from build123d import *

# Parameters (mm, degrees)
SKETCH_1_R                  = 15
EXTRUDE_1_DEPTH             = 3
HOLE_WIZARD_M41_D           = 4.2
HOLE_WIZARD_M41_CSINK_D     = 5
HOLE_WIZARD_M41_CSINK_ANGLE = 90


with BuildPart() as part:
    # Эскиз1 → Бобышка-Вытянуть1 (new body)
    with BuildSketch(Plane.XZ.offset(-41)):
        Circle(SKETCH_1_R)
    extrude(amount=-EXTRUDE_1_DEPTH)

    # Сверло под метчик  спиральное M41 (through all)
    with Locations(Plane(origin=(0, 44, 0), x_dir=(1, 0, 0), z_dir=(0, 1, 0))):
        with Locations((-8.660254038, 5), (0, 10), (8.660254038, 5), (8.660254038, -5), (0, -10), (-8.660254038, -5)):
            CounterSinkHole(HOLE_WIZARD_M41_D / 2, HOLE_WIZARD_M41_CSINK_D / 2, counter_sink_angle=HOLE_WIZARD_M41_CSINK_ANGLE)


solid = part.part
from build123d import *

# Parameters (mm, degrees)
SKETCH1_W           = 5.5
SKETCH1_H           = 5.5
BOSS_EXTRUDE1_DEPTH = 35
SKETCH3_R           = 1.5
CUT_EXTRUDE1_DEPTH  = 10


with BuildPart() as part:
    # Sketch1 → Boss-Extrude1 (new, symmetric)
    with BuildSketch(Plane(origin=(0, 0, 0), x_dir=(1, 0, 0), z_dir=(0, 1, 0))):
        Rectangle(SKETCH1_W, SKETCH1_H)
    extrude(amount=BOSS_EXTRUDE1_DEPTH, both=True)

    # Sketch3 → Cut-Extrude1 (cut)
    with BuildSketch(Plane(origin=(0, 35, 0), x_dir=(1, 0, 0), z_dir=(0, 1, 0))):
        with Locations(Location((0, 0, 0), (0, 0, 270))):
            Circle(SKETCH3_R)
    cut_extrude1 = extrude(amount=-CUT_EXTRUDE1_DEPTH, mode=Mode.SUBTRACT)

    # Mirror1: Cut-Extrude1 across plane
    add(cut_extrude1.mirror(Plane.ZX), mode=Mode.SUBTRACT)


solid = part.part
◆ ◆ ◆ ◆ ◆
-- What is being asked --
Could you find every line in the records above that has the string "Locations" and copy it?

-- Exercise output --
    with Locations(Plane(origin=(0, 44, 0), x_dir=(1, 0, 0), z_dir=(0, 1, 0))):
        with Locations((-8.660254038, 5), (0, 10), (8.660254038, 5), (8.660254038, -5), (0, -10), (-8.660254038, -5)):
        with Locations(Location((0, 0, 0), (0, 0, 270))):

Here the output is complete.